Since p^2 + q^2 a_n, 2pq and q^2 are all rational, this becomes:

r_1 = r_2 sqrt(a_n) + r_3 S_{n-1}^2 

So unless S_{n-1}^2 and sqrt(a_n) are rationally linearly dependent, you get a contradiction.

Unfortunately I missed this topic. It's not like I couldn't have posted the above five days ago :P

@Phobetor, I thought about taking a similar tack, but I have no excuse for not following it through. You're proved the case for sqrt(2)+sqrt(3)+sqrt(5) elementarily (and very neatly), since the final conclusion relies only on the fact that sqrt(6) and sqrt(5) are independent over the rationals, and it is quite easy to see there is no non-trivial relation between two roots over the rationals.

{Proof of slightly strengthened lemma:

Suppose a, b are real but b and a/b are not squares of rationals, and S(a) = sqrt(a), S(b)=sqrt(b).

Suppose p S(a) + q S(b) = r

(p S(a) -r)^2 = b q^2

-2 p r S(a) = t for some rational t

=> either p or r is zero

But if p = 0, b is a square of a rational (unless q and r are zero), and if r=0, a/b is a square of a rational (unless p and q are zero), contradicting the hypotheses}

But in my opinion there is still some distance from the final line of post #7 and the general result that a non-trivial sum of square roots of primes is not rational. Can that gap be filled elementarily, very likely using an induction, or is more abstract machinery required?

Yes, since I couldn't easily filled that gap, I left that as an exercise to the other readers :D

Wait... looking back above, I wrote:

S_n * (S_n - 2sqrt(a_n)) = S_{n-1}^2 - a_n 

But if that is the case, and S_n is rational and nonzero (so n > 1), then S_n * (S_n - 2sqrt(a_n)) = rational * irrational = irrational, so that S_{n-1}^2 - a_n is irrational, hence S_{n-1}^2 is irrational. If S_{n-1} were rational then so was S_{n-1}^2, so this implies that S_{n-1} is irrational. But this is going the wrong way for induction... This proves that if S_n is irrational, then so is S_{n-1}. But I guess that doesn't help...

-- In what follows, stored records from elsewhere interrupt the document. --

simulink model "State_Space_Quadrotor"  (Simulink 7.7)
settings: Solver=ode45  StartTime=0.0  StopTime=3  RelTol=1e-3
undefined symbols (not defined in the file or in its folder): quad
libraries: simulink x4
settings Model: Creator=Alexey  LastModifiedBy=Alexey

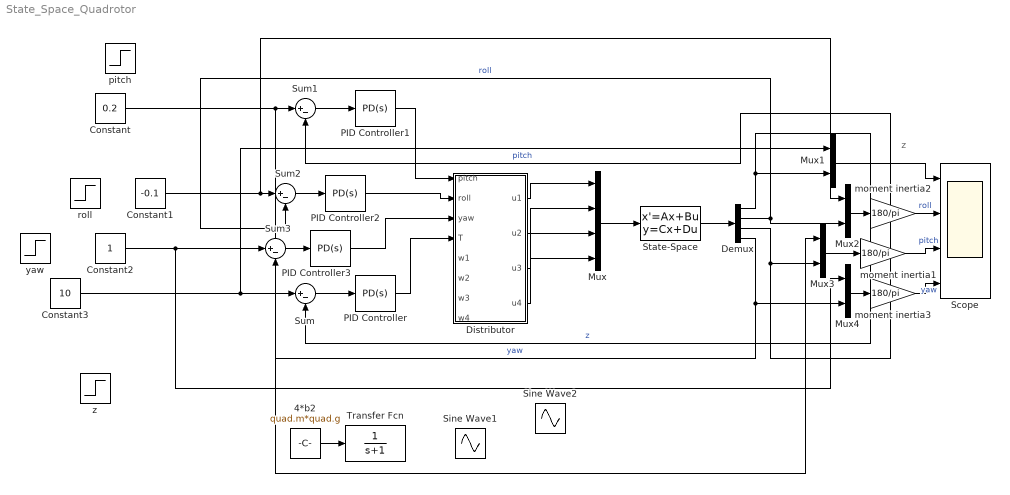
== system State_Space_Quadrotor ==
  note: z
  4*b2 : Constant  Value=quad.m*quad.g
  Constant : Constant  Value=0.2
  Constant1 : Constant  Value=-0.1
  Constant2 : Constant
  Constant3 : Constant  Value=10
  Demux : Demux
  Distributor : Subsystem
  Mux : Mux
  Mux{1..4} (4 alike) : Mux  Inputs=2
  PID Controller : simulink/Continuous/PID Controller  SystemSampleTime=-1  Controller=PD  TimeDomain=Continuous-time  SampleTime=1  IntegratorMethod=Forward Euler  FilterMethod=Forward Euler  Form=Parallel  P=50  I=0  D=10  N=100  InitialConditionSource=internal  InitialConditionForIntegrator=0  InitialConditionForFilter=0  ExternalReset=none  LimitOutput=off  UpperSaturationLimit=inf  LowerSaturationLimit=-inf  LinearizeAsGain=off  AntiWindupMode=none  Kb=1  TrackingMode=off  Kt=1  PParamMin=[]  PParamMax=[]  IParamMin=[]  IParamMax=[]  DParamMin=[]  DParamMax=[]  NParamMin=[]  NParamMax=[]  KbParamMin=[]  KbParamMax=[]  KtParamMin=[]  KtParamMax=[]  POutMin=[]  POutMax=[]  IOutMin=[]  IOutMax=[]  DOutMin=[]  DOutMax=[]  NOutMin=[]  NOutMax=[]  KbOutMin=[]  KbOutMax=[]  KtOutMin=[]  KtOutMax=[]  IntegratorOutMin=[]  IntegratorOutMax=[]  FilterOutMin=[]  FilterOutMax=[]  SumOutMin=[]  SumOutMax=[]  SumI1OutMin=[]  SumI1OutMax=[]  SumI2OutMin=[]  SumI2OutMax=[]  SumI3OutMin=[]  SumI3OutMax=[]  SumDOutMin=[]  SumDOutMax=[]  SaturationOutMin=[]  SaturationOutMax=[]  IntegratorContinuousStateAttributes=''  IntegratorStateMustResolveToSignalObject=off  IntegratorRTWStateStorageClass=Auto  FilterContinuousStateAttributes=''  FilterStateMustResolveToSignalObject=off  FilterRTWStateStorageClass=Auto
  PID Controller1 : simulink/Continuous/PID Controller  SystemSampleTime=-1  Controller=PD  TimeDomain=Continuous-time  SampleTime=1  IntegratorMethod=Forward Euler  FilterMethod=Forward Euler  Form=Parallel  P=0.1  I=0  D=0.4  N=100  InitialConditionSource=internal  InitialConditionForIntegrator=0  InitialConditionForFilter=0  ExternalReset=none  LimitOutput=off  UpperSaturationLimit=inf  LowerSaturationLimit=-inf  LinearizeAsGain=off  AntiWindupMode=none  Kb=1  TrackingMode=off  Kt=1  PParamMin=[]  PParamMax=[]  IParamMin=[]  IParamMax=[]  DParamMin=[]  DParamMax=[]  NParamMin=[]  NParamMax=[]  KbParamMin=[]  KbParamMax=[]  KtParamMin=[]  KtParamMax=[]  POutMin=[]  POutMax=[]  IOutMin=[]  IOutMax=[]  DOutMin=[]  DOutMax=[]  NOutMin=[]  NOutMax=[]  KbOutMin=[]  KbOutMax=[]  KtOutMin=[]  KtOutMax=[]  IntegratorOutMin=[]  IntegratorOutMax=[]  FilterOutMin=[]  FilterOutMax=[]  SumOutMin=[]  SumOutMax=[]  SumI1OutMin=[]  SumI1OutMax=[]  SumI2OutMin=[]  SumI2OutMax=[]  SumI3OutMin=[]  SumI3OutMax=[]  SumDOutMin=[]  SumDOutMax=[]  SaturationOutMin=[]  SaturationOutMax=[]  IntegratorContinuousStateAttributes=''  IntegratorStateMustResolveToSignalObject=off  IntegratorRTWStateStorageClass=Auto  FilterContinuousStateAttributes=''  FilterStateMustResolveToSignalObject=off  FilterRTWStateStorageClass=Auto
  PID Controller2 : simulink/Continuous/PID Controller  SystemSampleTime=-1  Controller=PD  TimeDomain=Continuous-time  SampleTime=1  IntegratorMethod=Forward Euler  FilterMethod=Forward Euler  Form=Parallel  P=0.1  I=0  D=0.5  N=100  InitialConditionSource=internal  InitialConditionForIntegrator=0  InitialConditionForFilter=0  ExternalReset=none  LimitOutput=off  UpperSaturationLimit=inf  LowerSaturationLimit=-inf  LinearizeAsGain=off  AntiWindupMode=none  Kb=1  TrackingMode=off  Kt=1  PParamMin=[]  PParamMax=[]  IParamMin=[]  IParamMax=[]  DParamMin=[]  DParamMax=[]  NParamMin=[]  NParamMax=[]  KbParamMin=[]  KbParamMax=[]  KtParamMin=[]  KtParamMax=[]  POutMin=[]  POutMax=[]  IOutMin=[]  IOutMax=[]  DOutMin=[]  DOutMax=[]  NOutMin=[]  NOutMax=[]  KbOutMin=[]  KbOutMax=[]  KtOutMin=[]  KtOutMax=[]  IntegratorOutMin=[]  IntegratorOutMax=[]  FilterOutMin=[]  FilterOutMax=[]  SumOutMin=[]  SumOutMax=[]  SumI1OutMin=[]  SumI1OutMax=[]  SumI2OutMin=[]  SumI2OutMax=[]  SumI3OutMin=[]  SumI3OutMax=[]  SumDOutMin=[]  SumDOutMax=[]  SaturationOutMin=[]  SaturationOutMax=[]  IntegratorContinuousStateAttributes=''  IntegratorStateMustResolveToSignalObject=off  IntegratorRTWStateStorageClass=Auto  FilterContinuousStateAttributes=''  FilterStateMustResolveToSignalObject=off  FilterRTWStateStorageClass=Auto
  PID Controller3 : simulink/Continuous/PID Controller  SystemSampleTime=-1  Controller=PD  TimeDomain=Continuous-time  SampleTime=1  IntegratorMethod=Forward Euler  FilterMethod=Forward Euler  Form=Parallel  P=1  I=0  D=4  N=100  InitialConditionSource=internal  InitialConditionForIntegrator=0  InitialConditionForFilter=0  ExternalReset=none  LimitOutput=off  UpperSaturationLimit=inf  LowerSaturationLimit=-inf  LinearizeAsGain=off  AntiWindupMode=none  Kb=1  TrackingMode=off  Kt=1  PParamMin=[]  PParamMax=[]  IParamMin=[]  IParamMax=[]  DParamMin=[]  DParamMax=[]  NParamMin=[]  NParamMax=[]  KbParamMin=[]  KbParamMax=[]  KtParamMin=[]  KtParamMax=[]  POutMin=[]  POutMax=[]  IOutMin=[]  IOutMax=[]  DOutMin=[]  DOutMax=[]  NOutMin=[]  NOutMax=[]  KbOutMin=[]  KbOutMax=[]  KtOutMin=[]  KtOutMax=[]  IntegratorOutMin=[]  IntegratorOutMax=[]  FilterOutMin=[]  FilterOutMax=[]  SumOutMin=[]  SumOutMax=[]  SumI1OutMin=[]  SumI1OutMax=[]  SumI2OutMin=[]  SumI2OutMax=[]  SumI3OutMin=[]  SumI3OutMax=[]  SumDOutMin=[]  SumDOutMax=[]  SaturationOutMin=[]  SaturationOutMax=[]  IntegratorContinuousStateAttributes=''  IntegratorStateMustResolveToSignalObject=off  IntegratorRTWStateStorageClass=Auto  FilterContinuousStateAttributes=''  FilterStateMustResolveToSignalObject=off  FilterRTWStateStorageClass=Auto
  Scope : Scope  NumInputPorts=4
      settings: TimeRange=2  YMin=-500~0~-1~-225  YMax=100~800~1~-75
  Sine Wave1 : Sin  Amplitude=100000  Frequency=0.5  SampleTime=0
  Sine Wave2 : Sin  Amplitude=10000000  SampleTime=0
  State-Space : StateSpace  A=|  B=|  C=|  D=|
      A=|
      | [0     0     0     0     0     0     0     0;
      |      0     0     0     0     0     0     0     0;
      |      0     0     0     0     0     0     0     0;
      |      0     0     0     0     0     0     0     0;
      |      1     0     0     0     0     0     0     0;
      |      0     1     0     0     0     0     0     0;
      |      0     0     1     0     0     0     0     0;
      |      0     0     0     1     0     0     0     0
      | ]
      B=|
      | [1/quad.m*quad.b     0     0     0;
      |      0     0     1/quad.Ixx*quad.b*quad.l     0;
      |      0     0     0     1/quad.Iyy*quad.b*quad.l;
      |      0     1/quad.Izz*quad.k*quad.r     0     0;
      |      0     0     0     0;
      |      0     0     0     0;
      |      0     0     0     0;
      |      0     0     0     0
      | ]
      C=|
      | [0     0     0     0     1     0     0     0;
      |      0     0     0     0     0     1     0     0;
      |      0     0     0     0     0     0     1     0;
      |      0     0     0     0     0     0     0     1
      | ]
      D=|
      | [[0     0     0     0;
      |      0     0     0     0;
      |      0     0     0     0;
      |      0     0     0     0]]
  Sum{,1..3} (4 alike) : Sum  Inputs=|+-
  Transfer Fcn : TransferFcn  Denominator=[1 1]
  moment inertia1 : Gain  Gain=180/pi
  moment inertia2 : Gain  Gain=180/pi
  moment inertia3 : Gain  Gain=180/pi
  pitch : Step  Time=3.5  After=-0.1  SampleTime=0
  roll : Step  Time=3  Before=-0.2  After=0.1  SampleTime=0
  yaw : Step  Time=2  After=2  SampleTime=0
  z : Step  Time=0  After=10  SampleTime=0
  wires:
  State-Space/1 -> Demux/1
  Demux/1 -> Mux1/2, Sum/2  "z"
  Demux/2 -> Sum2/2, Mux2/2  "roll"
  Demux/3 -> Sum1/2, Mux3/2  "pitch"
  Demux/4 -> Sum3/2, Mux4/2  "yaw"
  Mux/1 -> State-Space/1
  Distributor/2("u2 ") -> Mux/2
  Distributor/3("u3 ") -> Mux/3
  Distributor/4("u4 ") -> Mux/4
  Sum/1 -> PID Controller/1
  Constant3/1 -> Sum/1, Mux1/1
  PID Controller/1 -> Distributor/4(T)
  Constant/1 -> Sum1/1, Mux3/1
  Sum1/1 -> PID Controller1/1
  PID Controller1/1 -> Distributor/1(pitch)
  PID Controller2/1 -> Distributor/2(roll)
  Sum2/1 -> PID Controller2/1
  PID Controller3/1 -> Distributor/3(yaw)
  Sum3/1 -> PID Controller3/1
  Constant2/1 -> Mux4/1, Sum3/1
  Constant1/1 -> Sum2/1, Mux2/1
  Mux1/1 -> Scope/1
  Mux2/1 -> moment inertia2/1
  Mux3/1 -> moment inertia1/1
  Mux4/1 -> moment inertia3/1
  Distributor/1("u1 ") -> Mux/1
  4*b2/1 -> Transfer Fcn/1
  moment inertia2/1 -> Scope/2  "roll"
  moment inertia1/1 -> Scope/3  "pitch"
  moment inertia3/1 -> Scope/4  "yaw"
  ? -> Distributor/8(w4), Distributor/7(w3), Distributor/6(w2), Distributor/5(w1)

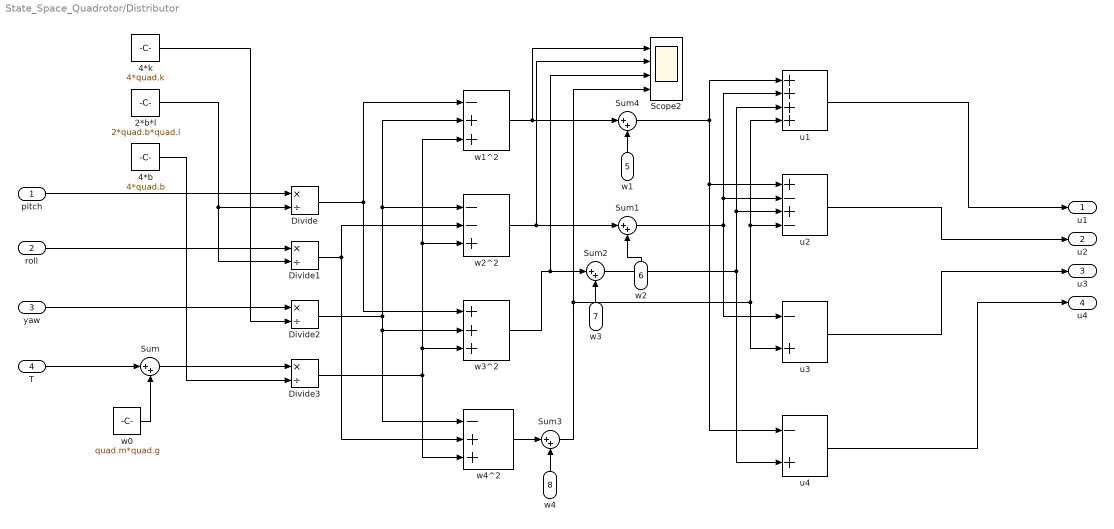
== system State_Space_Quadrotor/Distributor ==
  pitch : Inport
  roll : Inport  Port=2
  yaw : Inport  Port=3
  T : Inport  Port=4
  w1 : Inport  Port=5
  w2 : Inport  Port=6
  w3 : Inport  Port=7
  w4 : Inport  Port=8
  2*b*l : Constant  Value=2*quad.b*quad.l
  4*b : Constant  Value=4*quad.b
  4*k : Constant  Value=4*quad.k
  Divide{,1..3} (4 alike) : Product  Inputs=*/
  Scope2 : Scope  NumInputPorts=4
      settings: YMin=-1.5e+007~-2.5e+006~-1.5e+007~-2.5e+006  YMax=2.5e+006~1.25e+007~2.5e+006~1.25e+007  SaveName=ScopeData9
  Sum{,1..4} (5 alike) : Sum  Inputs=|++
  u1 : Sum  Inputs=++++
  u2 : Sum  Inputs=+-+-
  u3 : Sum  Inputs=-+
  u4 : Sum  Inputs=-+
  w0 : Constant  Value=quad.m*quad.g
  w1^2 : Sum  Inputs=-++
  w2^2 : Sum  Inputs=--+
  w3^2 : Sum  Inputs=+++
  w4^2 : Sum  Inputs=-++
  "u1 " : Outport
  "u2 " : Outport  Port=2
  "u3 " : Outport  Port=3
  "u4 " : Outport  Port=4
  wires:
  4*k/1 -> Divide2/2
  Divide1/1 -> w2^2/2, w4^2/2
  Divide2/1 -> w3^2/2, w4^2/1, w1^2/2, w2^2/1
  Divide/1 -> w1^2/1, w3^2/1
  4*b/1 -> Divide3/2
  yaw/1 -> Divide2/1
  2*b*l/1 -> Divide/2, Divide1/2
  roll/1 -> Divide1/1
  pitch/1 -> Divide/1
  Sum4/1 -> u1/1, u2/1, u4/1
  Sum1/1 -> u1/2, u2/2, u3/1
  Sum2/1 -> u1/3, u2/3, u4/2
  Sum3/1 -> Scope2/4, u1/4, u2/4, u3/2
  Divide3/1 -> w1^2/3, w2^2/3, w3^2/3, w4^2/3
  u1/1 -> "u1 "/1
  u2/1 -> "u2 "/1
  u3/1 -> "u3 "/1
  u4/1 -> "u4 "/1
  T/1 -> Sum/1
  Sum/1 -> Divide3/1
  w0/1 -> Sum/2
  w1^2/1 -> Sum4/1, Scope2/1
  w1/1 -> Sum4/2
  w2/1 -> Sum1/2
  w3/1 -> Sum2/2
  w4/1 -> Sum3/2
  w2^2/1 -> Sum1/1, Scope2/2
  w3^2/1 -> Sum2/1, Scope2/3
  w4^2/1 -> Sum3/1

Here's an elementary attack that very likely works.

Suppose you have a non-trivial relation between the roots of the first N primes and all their products of all orders (call sqrt(p_n)=s(n) for brevity). Assume that N is minimal for such a non-trivial relation to exist

Separate out all terms involving the square root of the n'th prime

R_N-1 + s(n)*(T_N-1)=r

where R_N-1 and T_N-1 are both sums of of multiple products of the square roots of the first N-1 primes and rationals.

So s(n)*T_N-1=r-R_N-1

Squaring we get some sort of relation on the products of the square roots of the first N-1 primes.

All that remains is to show that this relation is non-trivial.